# Who's coming with me?



## WiTT (Feb 9, 2005)

You may have seen this before but here it is again anyway.....

I am hereby officially tendering my resignation as an adult.
I have decided that I would like to accept the responsibilities of an 8-yr old
again.

I want to go to McDonalds and think
that its a 4* restaurant.

I want to sail sticks across a fresh mud puddle
and make a path with rocks and stones.

I want to think M&Ms are better than money 
because you can eat them.

I want to lie under a big oak tree and
run a lemonade stand with my friends on a hot summers
day.

I want to return to a time when life was simple;
when all you knew were colours, multiplication
tables and nursery rhymes, but that didn't bother
you because you didn't know what you didn't know
and you didnt care.

All you knew was to be happy because you
were blissfully unaware of all the things
that should make you worried or upset.

I want to think that the world is fair,
that everyone is honest and good.

I want to believe that anything is possible. I want
to be oblivious to the complexities of life and be
overly excited by the little things again.

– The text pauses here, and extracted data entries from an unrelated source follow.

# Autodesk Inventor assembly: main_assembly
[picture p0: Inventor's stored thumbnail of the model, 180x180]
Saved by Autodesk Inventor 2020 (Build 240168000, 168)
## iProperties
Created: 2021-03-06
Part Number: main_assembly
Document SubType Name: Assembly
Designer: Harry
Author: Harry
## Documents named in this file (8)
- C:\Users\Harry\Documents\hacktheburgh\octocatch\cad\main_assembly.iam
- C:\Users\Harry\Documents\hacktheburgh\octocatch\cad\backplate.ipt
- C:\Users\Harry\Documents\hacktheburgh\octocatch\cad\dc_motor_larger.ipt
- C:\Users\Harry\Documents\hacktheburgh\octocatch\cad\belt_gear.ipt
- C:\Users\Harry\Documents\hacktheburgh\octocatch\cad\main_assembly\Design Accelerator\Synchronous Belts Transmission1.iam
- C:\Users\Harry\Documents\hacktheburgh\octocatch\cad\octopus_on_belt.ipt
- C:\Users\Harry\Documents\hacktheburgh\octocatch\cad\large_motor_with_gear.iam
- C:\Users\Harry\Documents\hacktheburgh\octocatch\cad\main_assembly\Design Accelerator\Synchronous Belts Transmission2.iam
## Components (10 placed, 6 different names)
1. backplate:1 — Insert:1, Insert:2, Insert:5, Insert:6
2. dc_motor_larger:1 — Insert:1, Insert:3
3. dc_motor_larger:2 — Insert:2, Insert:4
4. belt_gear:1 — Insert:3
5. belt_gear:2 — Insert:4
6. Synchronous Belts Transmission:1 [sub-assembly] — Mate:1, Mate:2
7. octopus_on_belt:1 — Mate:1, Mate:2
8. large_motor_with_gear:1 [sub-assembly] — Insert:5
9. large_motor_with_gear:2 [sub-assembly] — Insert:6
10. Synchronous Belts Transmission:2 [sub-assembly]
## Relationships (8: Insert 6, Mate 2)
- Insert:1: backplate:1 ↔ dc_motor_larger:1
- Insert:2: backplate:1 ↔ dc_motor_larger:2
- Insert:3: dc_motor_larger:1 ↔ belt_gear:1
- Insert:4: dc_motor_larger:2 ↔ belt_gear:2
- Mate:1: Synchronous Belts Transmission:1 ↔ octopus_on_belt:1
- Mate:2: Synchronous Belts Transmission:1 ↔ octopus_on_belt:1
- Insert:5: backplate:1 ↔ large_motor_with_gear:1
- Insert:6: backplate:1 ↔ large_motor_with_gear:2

I want to live simply again. I don't want my day
to consist of computer crashes, mountains of
paperwork, depressing news, how to survive more days
in the month than there is money in the bank, 
any kind of bill, gossip, illness, loss of a loved one.

I want to believe in the power of smiles,
hugs, a kind word, truth, justice, peace, dreams,
the imagination, mankind, and making angels in the snow.

So, here's my cheque book and my car keys,
my credit card bills and my 401K statements. I am
officially resigning from Adulthood.

And if you want to discuss it further, you'll have
to catch me first, because

"Tag!, you're it!"
[smiley=kid.gif]


----------



## doctorbob_1 (Nov 12, 2004)

Save me a seat on that bus WiTT, ........................upstairs at the front or the big one at the back!


----------